Your goal: From the line containing "#149=ORIENTED_EDGE('',*,*,#84,.T.);" down to the line containing "#155=CARTESIAN_POINT('',(0.,0.,0.));" in the records below, reproduce every line exactly, ends included, and omit all others.

Material provided:
Content starts

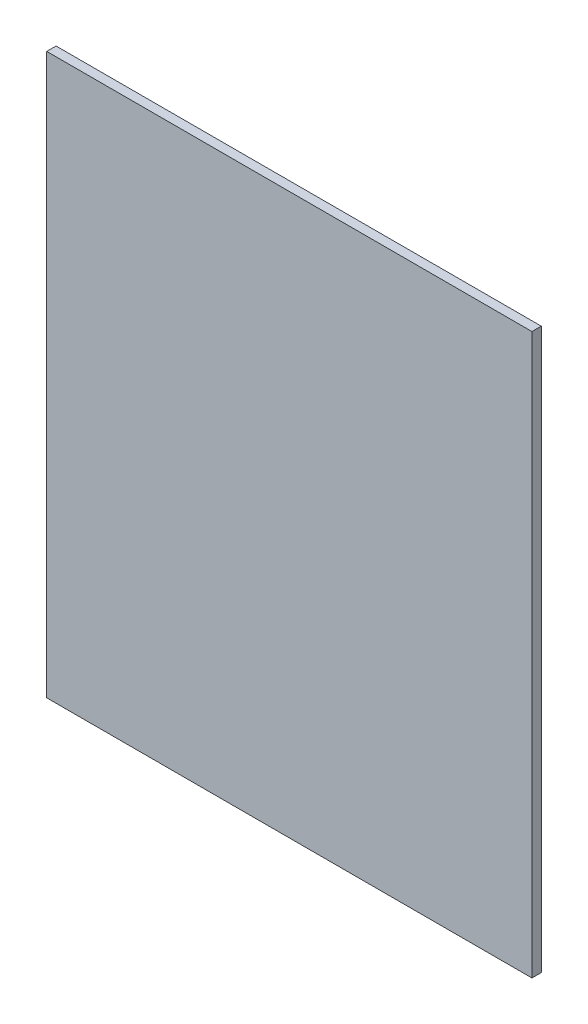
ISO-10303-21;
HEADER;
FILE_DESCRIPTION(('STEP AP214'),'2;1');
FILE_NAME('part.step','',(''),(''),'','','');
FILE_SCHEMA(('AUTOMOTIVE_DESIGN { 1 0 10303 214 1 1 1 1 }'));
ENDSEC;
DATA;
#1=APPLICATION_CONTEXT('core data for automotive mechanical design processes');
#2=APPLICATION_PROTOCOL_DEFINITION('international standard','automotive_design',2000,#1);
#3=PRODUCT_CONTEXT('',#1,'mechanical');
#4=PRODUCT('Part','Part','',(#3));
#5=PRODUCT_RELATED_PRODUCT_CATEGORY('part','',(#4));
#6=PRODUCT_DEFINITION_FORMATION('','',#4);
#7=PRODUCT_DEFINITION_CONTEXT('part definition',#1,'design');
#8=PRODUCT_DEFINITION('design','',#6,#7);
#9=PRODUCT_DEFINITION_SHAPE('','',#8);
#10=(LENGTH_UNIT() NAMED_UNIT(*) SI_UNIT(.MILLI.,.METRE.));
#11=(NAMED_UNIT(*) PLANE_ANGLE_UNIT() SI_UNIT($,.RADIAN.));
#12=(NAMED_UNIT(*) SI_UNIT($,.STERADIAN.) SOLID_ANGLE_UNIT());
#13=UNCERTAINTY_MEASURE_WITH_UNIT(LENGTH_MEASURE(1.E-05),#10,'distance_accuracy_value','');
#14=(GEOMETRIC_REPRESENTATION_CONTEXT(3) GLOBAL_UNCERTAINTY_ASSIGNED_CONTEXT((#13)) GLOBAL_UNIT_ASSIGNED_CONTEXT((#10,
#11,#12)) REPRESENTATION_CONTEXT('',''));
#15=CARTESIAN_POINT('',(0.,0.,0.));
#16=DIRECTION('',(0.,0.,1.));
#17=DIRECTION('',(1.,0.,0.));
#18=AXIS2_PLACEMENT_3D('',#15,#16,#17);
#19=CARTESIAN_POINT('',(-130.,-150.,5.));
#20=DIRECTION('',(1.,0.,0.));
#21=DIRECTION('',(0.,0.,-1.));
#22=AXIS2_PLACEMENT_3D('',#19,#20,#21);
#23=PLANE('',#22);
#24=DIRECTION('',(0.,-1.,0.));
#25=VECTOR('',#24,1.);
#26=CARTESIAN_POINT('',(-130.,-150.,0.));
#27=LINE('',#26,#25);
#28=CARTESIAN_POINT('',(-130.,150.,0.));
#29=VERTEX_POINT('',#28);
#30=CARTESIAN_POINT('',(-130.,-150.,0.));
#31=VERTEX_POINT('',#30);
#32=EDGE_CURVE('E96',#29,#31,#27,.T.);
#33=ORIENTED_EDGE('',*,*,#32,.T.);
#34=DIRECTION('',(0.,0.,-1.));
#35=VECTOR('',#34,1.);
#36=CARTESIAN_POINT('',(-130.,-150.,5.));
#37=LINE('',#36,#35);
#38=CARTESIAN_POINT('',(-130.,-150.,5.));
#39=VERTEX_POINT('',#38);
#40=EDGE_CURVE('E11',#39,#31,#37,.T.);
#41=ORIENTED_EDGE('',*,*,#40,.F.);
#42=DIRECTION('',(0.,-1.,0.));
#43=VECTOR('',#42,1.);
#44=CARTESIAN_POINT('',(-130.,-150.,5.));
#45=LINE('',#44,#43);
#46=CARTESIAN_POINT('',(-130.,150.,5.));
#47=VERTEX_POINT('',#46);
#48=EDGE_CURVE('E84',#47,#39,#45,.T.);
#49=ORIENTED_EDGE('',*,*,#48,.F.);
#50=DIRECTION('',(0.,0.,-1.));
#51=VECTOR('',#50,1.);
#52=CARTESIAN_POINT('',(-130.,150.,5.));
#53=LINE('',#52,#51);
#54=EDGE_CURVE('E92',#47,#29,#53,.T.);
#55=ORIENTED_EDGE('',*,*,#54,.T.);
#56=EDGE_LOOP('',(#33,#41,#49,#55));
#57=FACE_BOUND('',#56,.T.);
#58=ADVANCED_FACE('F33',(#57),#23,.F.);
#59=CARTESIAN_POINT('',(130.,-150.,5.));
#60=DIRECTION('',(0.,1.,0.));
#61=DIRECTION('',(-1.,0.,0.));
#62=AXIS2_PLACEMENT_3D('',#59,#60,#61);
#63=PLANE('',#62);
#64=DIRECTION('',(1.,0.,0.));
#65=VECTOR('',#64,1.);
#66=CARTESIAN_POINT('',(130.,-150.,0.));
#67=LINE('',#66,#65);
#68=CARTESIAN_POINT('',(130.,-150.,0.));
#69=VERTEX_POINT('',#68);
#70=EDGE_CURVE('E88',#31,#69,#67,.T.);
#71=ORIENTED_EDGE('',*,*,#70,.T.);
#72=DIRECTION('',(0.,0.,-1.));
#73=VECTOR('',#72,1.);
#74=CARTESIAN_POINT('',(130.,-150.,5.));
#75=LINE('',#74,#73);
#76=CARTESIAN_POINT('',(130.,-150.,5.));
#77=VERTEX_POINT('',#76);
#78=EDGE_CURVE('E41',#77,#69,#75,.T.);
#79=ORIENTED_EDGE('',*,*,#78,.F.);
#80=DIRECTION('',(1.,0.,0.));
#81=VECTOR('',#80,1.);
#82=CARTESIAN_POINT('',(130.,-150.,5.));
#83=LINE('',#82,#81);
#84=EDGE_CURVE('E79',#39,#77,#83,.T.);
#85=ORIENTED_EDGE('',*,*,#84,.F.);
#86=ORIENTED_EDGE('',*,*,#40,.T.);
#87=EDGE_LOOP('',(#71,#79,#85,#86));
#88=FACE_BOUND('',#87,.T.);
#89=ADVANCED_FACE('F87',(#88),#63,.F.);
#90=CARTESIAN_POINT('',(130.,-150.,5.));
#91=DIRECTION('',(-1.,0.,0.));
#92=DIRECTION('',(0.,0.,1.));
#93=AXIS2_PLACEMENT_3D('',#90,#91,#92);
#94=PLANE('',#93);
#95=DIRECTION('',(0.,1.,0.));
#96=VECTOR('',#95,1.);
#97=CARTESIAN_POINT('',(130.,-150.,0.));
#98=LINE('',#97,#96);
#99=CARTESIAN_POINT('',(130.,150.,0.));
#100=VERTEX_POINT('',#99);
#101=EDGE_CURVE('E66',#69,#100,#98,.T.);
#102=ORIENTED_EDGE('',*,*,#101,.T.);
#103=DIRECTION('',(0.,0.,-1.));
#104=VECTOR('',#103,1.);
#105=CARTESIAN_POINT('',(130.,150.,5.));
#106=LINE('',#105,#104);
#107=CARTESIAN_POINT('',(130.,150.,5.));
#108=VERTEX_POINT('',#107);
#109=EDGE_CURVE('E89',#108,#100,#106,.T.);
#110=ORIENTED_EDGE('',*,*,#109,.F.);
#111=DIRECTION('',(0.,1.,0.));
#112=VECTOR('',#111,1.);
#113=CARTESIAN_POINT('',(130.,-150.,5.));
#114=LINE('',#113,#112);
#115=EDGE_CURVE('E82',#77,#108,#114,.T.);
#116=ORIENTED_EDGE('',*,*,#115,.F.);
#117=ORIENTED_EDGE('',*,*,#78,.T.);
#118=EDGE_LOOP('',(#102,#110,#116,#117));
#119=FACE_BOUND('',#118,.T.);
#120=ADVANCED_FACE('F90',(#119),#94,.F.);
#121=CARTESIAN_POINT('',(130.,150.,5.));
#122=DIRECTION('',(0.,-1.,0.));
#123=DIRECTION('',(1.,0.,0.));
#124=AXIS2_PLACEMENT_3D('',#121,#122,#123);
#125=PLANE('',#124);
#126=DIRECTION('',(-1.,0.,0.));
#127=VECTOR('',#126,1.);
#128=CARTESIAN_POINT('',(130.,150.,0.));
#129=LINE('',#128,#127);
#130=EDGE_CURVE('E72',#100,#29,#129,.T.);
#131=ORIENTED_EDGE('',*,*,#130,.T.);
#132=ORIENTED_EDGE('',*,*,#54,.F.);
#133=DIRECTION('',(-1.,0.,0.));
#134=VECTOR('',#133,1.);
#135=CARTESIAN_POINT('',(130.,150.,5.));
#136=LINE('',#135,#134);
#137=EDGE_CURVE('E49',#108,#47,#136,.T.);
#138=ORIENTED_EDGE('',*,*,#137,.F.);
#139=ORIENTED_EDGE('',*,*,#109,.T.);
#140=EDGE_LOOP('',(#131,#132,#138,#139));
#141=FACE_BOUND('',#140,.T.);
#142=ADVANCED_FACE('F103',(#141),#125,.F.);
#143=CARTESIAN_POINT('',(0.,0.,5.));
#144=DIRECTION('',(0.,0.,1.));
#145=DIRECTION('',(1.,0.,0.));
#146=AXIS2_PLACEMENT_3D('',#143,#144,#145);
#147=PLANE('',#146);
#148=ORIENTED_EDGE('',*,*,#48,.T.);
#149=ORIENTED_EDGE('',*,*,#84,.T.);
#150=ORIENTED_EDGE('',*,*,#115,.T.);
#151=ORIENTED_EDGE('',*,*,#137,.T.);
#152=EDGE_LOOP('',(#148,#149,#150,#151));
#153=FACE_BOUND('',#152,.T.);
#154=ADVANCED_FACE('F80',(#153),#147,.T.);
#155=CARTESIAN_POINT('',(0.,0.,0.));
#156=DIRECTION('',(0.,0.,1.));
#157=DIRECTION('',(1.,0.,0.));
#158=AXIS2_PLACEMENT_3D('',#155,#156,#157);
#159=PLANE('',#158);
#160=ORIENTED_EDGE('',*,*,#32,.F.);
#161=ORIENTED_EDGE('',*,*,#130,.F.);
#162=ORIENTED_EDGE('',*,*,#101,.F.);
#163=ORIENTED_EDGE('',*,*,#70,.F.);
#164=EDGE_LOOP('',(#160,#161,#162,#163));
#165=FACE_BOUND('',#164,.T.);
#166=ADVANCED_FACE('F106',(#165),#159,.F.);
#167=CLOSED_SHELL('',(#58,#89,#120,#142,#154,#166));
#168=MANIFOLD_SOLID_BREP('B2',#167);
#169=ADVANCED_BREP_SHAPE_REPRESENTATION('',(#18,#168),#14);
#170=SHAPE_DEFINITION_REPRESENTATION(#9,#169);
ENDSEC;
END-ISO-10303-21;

Content ends

Completed exercise:
#149=ORIENTED_EDGE('',*,*,#84,.T.);
#150=ORIENTED_EDGE('',*,*,#115,.T.);
#151=ORIENTED_EDGE('',*,*,#137,.T.);
#152=EDGE_LOOP('',(#148,#149,#150,#151));
#153=FACE_BOUND('',#152,.T.);
#154=ADVANCED_FACE('F80',(#153),#147,.T.);
#155=CARTESIAN_POINT('',(0.,0.,0.));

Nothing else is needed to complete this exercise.